Dev Update 2026-05-26

Dev Update: Neptune & Triton

1. Last Week by the Numbers

neptune-core

  • Issues: 1 raised

triton-vm

  • Pull Requests: 1 merged
  • Issues: 1 closed
  • Commits: 2 merged into master

2. Stand-up Summary

Alan Szepieniec

  • Last Week: Conducted cryptographic reviews of two new proposed address formats, confirming their safety against dangerous elements. Noted that potential nonce reuse is handled properly via unique sender randomness.
  • Coming Week: Ongoing code reviews as time permits.

Ferdinand Sauer

  • Last Week: Enhanced testing infrastructure by increasing generated randomness for property tests across twenty-first, triton-vm, and neptune-core. Authored a comprehensive Triton assembly tutorial.
  • Coming Week: Scheduled to implement univariat batching as a performance enhancement. Following this, will begin working on the TIP 10 implementation and publishing the assembly tutorial to the website.

Thorkil Værge

  • Last Week: Analyzed feedback on block explorer visibility and address formats (noting substantial multi-dimensional improvements for addresses and announcements). Started addressing wallet synchronization discrepancies between neptune-core and the wallet application by allowing backup file importing.
  • Coming Week: Reviewing Ferdinand’s Triton assembly tutorial draft. Moving forward with porting the existing block explorer over to the new JSON RPC to meet external ecosystem standards.

3. Technical Discussion

Address Format Optimizations

The team evaluated two new address formats. While lacking a formal security proof, they have been deemed cryptographically safe, provided that the sender randomness is never reused. To streamline the codebase and eliminate redundancies, the team discussed whether to remove a superfluous XOR operation used during the AES key derivation in the open PR.

TIP 10 Implementation & Soundness Strategy

A clear scope has been established for TIP 10. The implementation will introduce a dedicated instruction to write directly to an independent output stream and integrate code words into the batching process using STIR rounds. The entire rollout is estimated to take between two to three weeks. Consequently, the recursive verifier implementation has been postponed indefinitely.

To preserve the soundness of Triton VM, the development strategy remains anchored on maintaining small, iterative releases. Minimizing the delta between consecutive versions ensures codebase changes are easily auditable, reducing the likelihood of architectural errors.

Wallet and Network Infrastructure

To resolve user-reported synchronization errors and balance discrepancies between neptune-core and the Neptune wallet, functionality is being introduced to let users import data via a backup cryptographic file. Address index bumping continues to be a primary engineering challenge for this workflow. Additionally, the team confirmed that the foundation for mining pool endpoints is already present in neptune-core, which will support future expansion.

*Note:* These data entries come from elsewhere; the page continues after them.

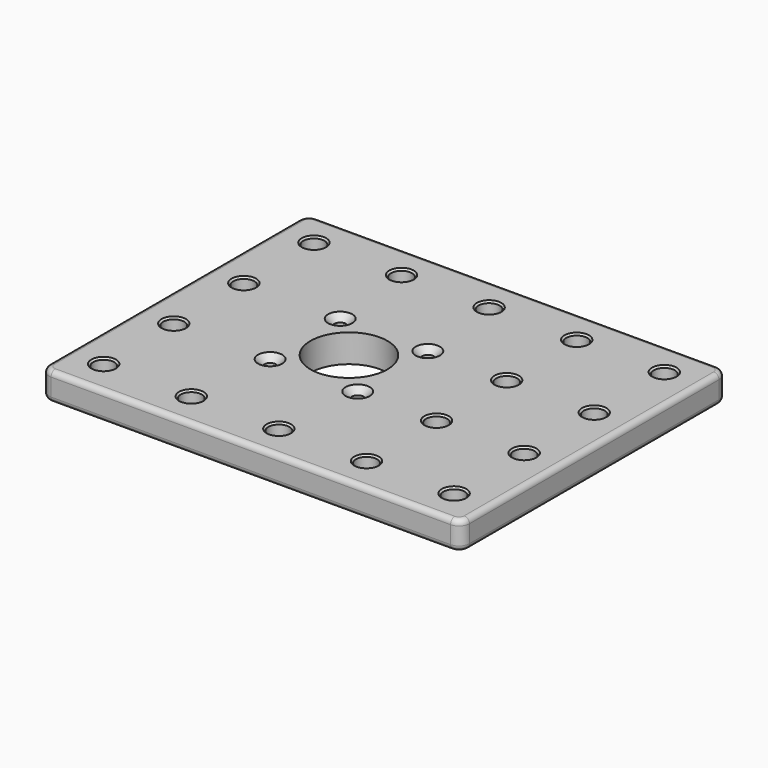
from build123d import *

# Parameters (mm, degrees)
F0_W         = 120
F0_H         = 95
F0_R         = 3
F0_R_2       = 1.65
F0_R_3       = 11
F1_DEPTH     = 8
F2_R         = 1.5
F3_SIZE      = 1.8
F4_T1_DEPTH  = 8
F4_T4_ANGLE  = 90
F4_T6_ANGLE  = 90
F4_T8_ANGLE  = 90
F4_T10_ANGLE = 90
F4_T12_ANGLE = 90
F4_T14_ANGLE = 90
F4_T16_ANGLE = 90
F4_T18_ANGLE = 90
F5_SIZE      = 0.5


# Not quite as in the source:
# - a fillet or chamfer that OpenCascade refuses, or shapes differently, is made with other operations: its cross-section is extruded or revolved along the edge and cut away or added


with BuildPart() as f1:
    # F0 (on Top) → F1 (new body)
    with BuildSketch(Plane.XY):
        with Locations((-21.1694301665, -8.1955979578)):
            Rectangle(F0_W, F0_H)
        with Locations((-71.1694301665, -45.6955979578)):
            Circle(F0_R, mode=Mode.SUBTRACT)
        with Locations((-46.1694301665, -45.6955979578)):
            Circle(F0_R, mode=Mode.SUBTRACT)
        with Locations((-21.1694301665, -45.6955979578)):
            Circle(F0_R, mode=Mode.SUBTRACT)
        with Locations((-71.1694301665, -20.6955979578)):
            Circle(F0_R, mode=Mode.SUBTRACT)
        with Locations((-43.6694301665, -20.6955979578)):
            Circle(F0_R_2, mode=Mode.SUBTRACT)
        with Locations((3.8305698335, -45.6955979578)):
            Circle(F0_R, mode=Mode.SUBTRACT)
        with Locations((28.8305698335, -45.6955979578)):
            Circle(F0_R, mode=Mode.SUBTRACT)
        with Locations((-18.6694301665, -20.6955979578)):
            Circle(F0_R_2, mode=Mode.SUBTRACT)
        with Locations((3.8305698335, -20.6955979578)):
            Circle(F0_R, mode=Mode.SUBTRACT)
        with Locations((28.8305698335, -20.6955979578)):
            Circle(F0_R, mode=Mode.SUBTRACT)
        with Locations((-71.1694301665, 4.3044020422)):
            Circle(F0_R, mode=Mode.SUBTRACT)
        with Locations((-31.1694301665, -8.1955979578)):
            Circle(F0_R_3, mode=Mode.SUBTRACT)
        with Locations((-43.6694301665, 4.3044020422)):
            Circle(F0_R_2, mode=Mode.SUBTRACT)
        with Locations((-71.1694301665, 29.3044020422)):
            Circle(F0_R, mode=Mode.SUBTRACT)
        with Locations((-46.1694301665, 29.3044020422)):
            Circle(F0_R, mode=Mode.SUBTRACT)
        with Locations((-21.1694301665, 29.3044020422)):
            Circle(F0_R, mode=Mode.SUBTRACT)
        with Locations((-18.6694301665, 4.3044020422)):
            Circle(F0_R_2, mode=Mode.SUBTRACT)
        with Locations((3.8305698335, 4.3044020422)):
            Circle(F0_R, mode=Mode.SUBTRACT)
        with Locations((28.8305698335, 4.3044020422)):
            Circle(F0_R, mode=Mode.SUBTRACT)
        with Locations((3.8305698335, 29.3044020422)):
            Circle(F0_R, mode=Mode.SUBTRACT)
        with Locations((28.8305698335, 29.3044020422)):
            Circle(F0_R, mode=Mode.SUBTRACT)
    extrude(amount=-F1_DEPTH)

    # F2
    f2_edges = [f1.edges().sort_by_distance(p)[0] for p in [
        (-21.16943, -55.695598, 0),
        (38.83057, -8.195598, 0),
        (-21.16943, 39.304402, 0),
        (-81.16943, -8.195598, 0),
        (-21.16943, -55.695598, -8),
        (38.83057, -8.195598, -8),
        (-81.16943, -8.195598, -8),
        (-21.16943, 39.304402, -8),
    ]]
    fillet(f2_edges, radius=F2_R)

    # F3
    f3_edges = [f1.edges().sort_by_distance(p)[0] for p in [
        (-45.31943, 4.304402, 0),
        (-20.31943, 4.304402, 0),
        (-20.31943, -20.695598, 0),
        (-45.31943, -20.695598, 0),
        (-45.31943, -20.695598, -8),
        (-20.31943, 4.304402, -8),
        (-20.31943, -20.695598, -8),
        (-45.31943, 4.304402, -8),
    ]]
    chamfer(f3_edges, length=F3_SIZE)

    # F4: fillet of radius 3 on 4 edges, made by hand

    # F4_s2 → F4_t1 (cut)
    with BuildSketch(Plane.XY.offset(-8)):
        with BuildLine():
            ThreePointArc((-78.1694301665, -55.6955979578), (-80.29075051, -54.8169183014), (-81.1694301665, -52.6955979578))
            Line((-81.1694301665, -52.6955979578), (-81.1694301665, -55.6955979578))
            Line((-81.1694301665, -55.6955979578), (-78.1694301665, -55.6955979578))
        make_face()
        with BuildLine():
            ThreePointArc((35.8305698335, -55.6955979578), (37.9518901771, -54.8169183014), (38.8305698335, -52.6955979578))
            Line((38.8305698335, -52.6955979578), (38.8305698335, -55.6955979578))
            Line((38.8305698335, -55.6955979578), (35.8305698335, -55.6955979578))
        make_face()
        with BuildLine():
            ThreePointArc((-81.1694301665, 36.3044020422), (-80.29075051, 38.4257223857), (-78.1694301665, 39.3044020422))
            Line((-78.1694301665, 39.3044020422), (-81.1694301665, 39.3044020422))
            Line((-81.1694301665, 39.3044020422), (-81.1694301665, 36.3044020422))
        make_face()
        with BuildLine():
            ThreePointArc((38.8305698335, 36.3044020422), (37.9518901771, 38.4257223857), (35.8305698335, 39.3044020422))
            Line((35.8305698335, 39.3044020422), (38.8305698335, 39.3044020422))
            Line((38.8305698335, 39.3044020422), (38.8305698335, 36.3044020422))
        make_face()
    extrude(amount=F4_T1_DEPTH, mode=Mode.SUBTRACT)

    # F4_s3 → F4_t4 (revolve, cut)
    with BuildSketch(Plane.XZ.offset(-36.3044020422)):
        with BuildLine():
            ThreePointArc((37.3305698335, 0), (38.3912300053, -0.4393398282), (38.8305698335, -1.5))
            Line((38.8305698335, -1.5), (38.8305698335, 0))
            Line((38.8305698335, 0), (37.3305698335, 0))
        make_face()
    revolve(axis=Axis((35.8305698335, 36.3044020422, 0), (0, 0, 1)), revolution_arc=F4_T4_ANGLE, mode=Mode.SUBTRACT)

    # F4_s5 → F4_t6 (revolve, cut)
    with BuildSketch(Plane.YZ.offset(35.8305698335)):
        with BuildLine():
            ThreePointArc((37.8044020422, -8), (38.865062214, -7.5606601718), (39.3044020422, -6.5))
            Line((39.3044020422, -6.5), (39.3044020422, -8))
            Line((39.3044020422, -8), (37.8044020422, -8))
        make_face()
    revolve(axis=Axis((35.8305698335, 36.3044020422, -8), (0, 0, -1)), revolution_arc=F4_T6_ANGLE, mode=Mode.SUBTRACT)

    # F4_s7 → F4_t8 (revolve, cut)
    with BuildSketch(Plane.YZ.offset(-78.1694301665)):
        with BuildLine():
            ThreePointArc((37.8044020422, 0), (38.865062214, -0.4393398282), (39.3044020422, -1.5))
            Line((39.3044020422, -1.5), (39.3044020422, 0))
            Line((39.3044020422, 0), (37.8044020422, 0))
        make_face()
    revolve(axis=Axis((-78.1694301665, 36.3044020422, 0), (0, 0, 1)), revolution_arc=F4_T8_ANGLE, mode=Mode.SUBTRACT)

    # F4_s9 → F4_t10 (revolve, cut)
    with BuildSketch(Plane.XZ.offset(-36.3044020422)):
        with BuildLine():
            ThreePointArc((-79.6694301665, -8), (-80.7300903383, -7.5606601718), (-81.1694301665, -6.5))
            Line((-81.1694301665, -6.5), (-81.1694301665, -8))
            Line((-81.1694301665, -8), (-79.6694301665, -8))
        make_face()
    revolve(axis=Axis((-78.1694301665, 36.3044020422, -8), (0, 0, -1)), revolution_arc=F4_T10_ANGLE, mode=Mode.SUBTRACT)

    # F4_s11 → F4_t12 (revolve, cut)
    with BuildSketch(Plane.YZ.offset(35.8305698335)):
        with BuildLine():
            ThreePointArc((-54.1955979578, 0), (-55.2562581296, -0.4393398282), (-55.6955979578, -1.5))
            Line((-55.6955979578, -1.5), (-55.6955979578, 0))
            Line((-55.6955979578, 0), (-54.1955979578, 0))
        make_face()
    revolve(axis=Axis((35.8305698335, -52.6955979578, 0), (0, 0, 1)), revolution_arc=F4_T12_ANGLE, mode=Mode.SUBTRACT)

    # F4_s13 → F4_t14 (revolve, cut)
    with BuildSketch(Plane.XZ.offset(52.6955979578)):
        with BuildLine():
            ThreePointArc((37.3305698335, -8), (38.3912300053, -7.5606601718), (38.8305698335, -6.5))
            Line((38.8305698335, -6.5), (38.8305698335, -8))
            Line((38.8305698335, -8), (37.3305698335, -8))
        make_face()
    revolve(axis=Axis((35.8305698335, -52.6955979578, -8), (0, 0, -1)), revolution_arc=F4_T14_ANGLE, mode=Mode.SUBTRACT)

    # F4_s15 → F4_t16 (revolve, cut)
    with BuildSketch(Plane.XZ.offset(52.6955979578)):
        with BuildLine():
            ThreePointArc((-79.6694301665, 0), (-80.7300903383, -0.4393398282), (-81.1694301665, -1.5))
            Line((-81.1694301665, -1.5), (-81.1694301665, 0))
            Line((-81.1694301665, 0), (-79.6694301665, 0))
        make_face()
    revolve(axis=Axis((-78.1694301665, -52.6955979578, 0), (0, 0, 1)), revolution_arc=F4_T16_ANGLE, mode=Mode.SUBTRACT)

    # F4_s17 → F4_t18 (revolve, cut)
    with BuildSketch(Plane.YZ.offset(-78.1694301665)):
        with BuildLine():
            ThreePointArc((-54.1955979578, -8), (-55.2562581296, -7.5606601718), (-55.6955979578, -6.5))
            Line((-55.6955979578, -6.5), (-55.6955979578, -8))
            Line((-55.6955979578, -8), (-54.1955979578, -8))
        make_face()
    revolve(axis=Axis((-78.1694301665, -52.6955979578, -8), (0, 0, -1)), revolution_arc=F4_T18_ANGLE, mode=Mode.SUBTRACT)

    # F5
    f5_edges = [f1.edges().sort_by_distance(p)[0] for p in [
        (-74.16943, -45.695598, -8),
        (-74.16943, -45.695598, 0),
        (25.83057, -45.695598, -8),
        (0.83057, -45.695598, -8),
        (-49.16943, -45.695598, -8),
        (-24.16943, -45.695598, -8),
        (0.83057, -45.695598, 0),
        (25.83057, -45.695598, 0),
        (-24.16943, -45.695598, 0),
        (-49.16943, -45.695598, 0),
        (25.83057, 4.304402, -8),
        (0.83057, 4.304402, -8),
        (0.83057, -20.695598, -8),
        (0.83057, 4.304402, 0),
        (25.83057, -20.695598, -8),
        (25.83057, 29.304402, -8),
        (0.83057, -20.695598, 0),
        (0.83057, 29.304402, -8),
        (25.83057, 4.304402, 0),
        (0.83057, 29.304402, 0),
        (25.83057, 29.304402, 0),
        (25.83057, -20.695598, 0),
        (-24.16943, 29.304402, -8),
        (-49.16943, 29.304402, -8),
        (-74.16943, 29.304402, -8),
        (-24.16943, 29.304402, 0),
        (-49.16943, 29.304402, 0),
        (-74.16943, 29.304402, 0),
        (-74.16943, 4.304402, -8),
        (-74.16943, -20.695598, -8),
        (-74.16943, -20.695598, 0),
        (-74.16943, 4.304402, 0),
    ]]
    chamfer(f5_edges, length=F5_SIZE)


solid = f1.part

4. Updates and Announcements

  • Upcoming Release: The Triton assembly tutorial will be published to the documentation site and linked across official GitHub landing pages following final peer review.
1 Like

I enjoy reading these, and it’s great to hear there’s so much going on.

Is this about succinctness? What’s the long term plan for it, still on the table?

It’s still scheduled for implementation eventually; the point of this paragraph is merely to say that the implementation of the recursive verifier after other stages of upgrades to Triton VM but before Tip10 will be skipped in favor of speeding up Tip10 ASAP.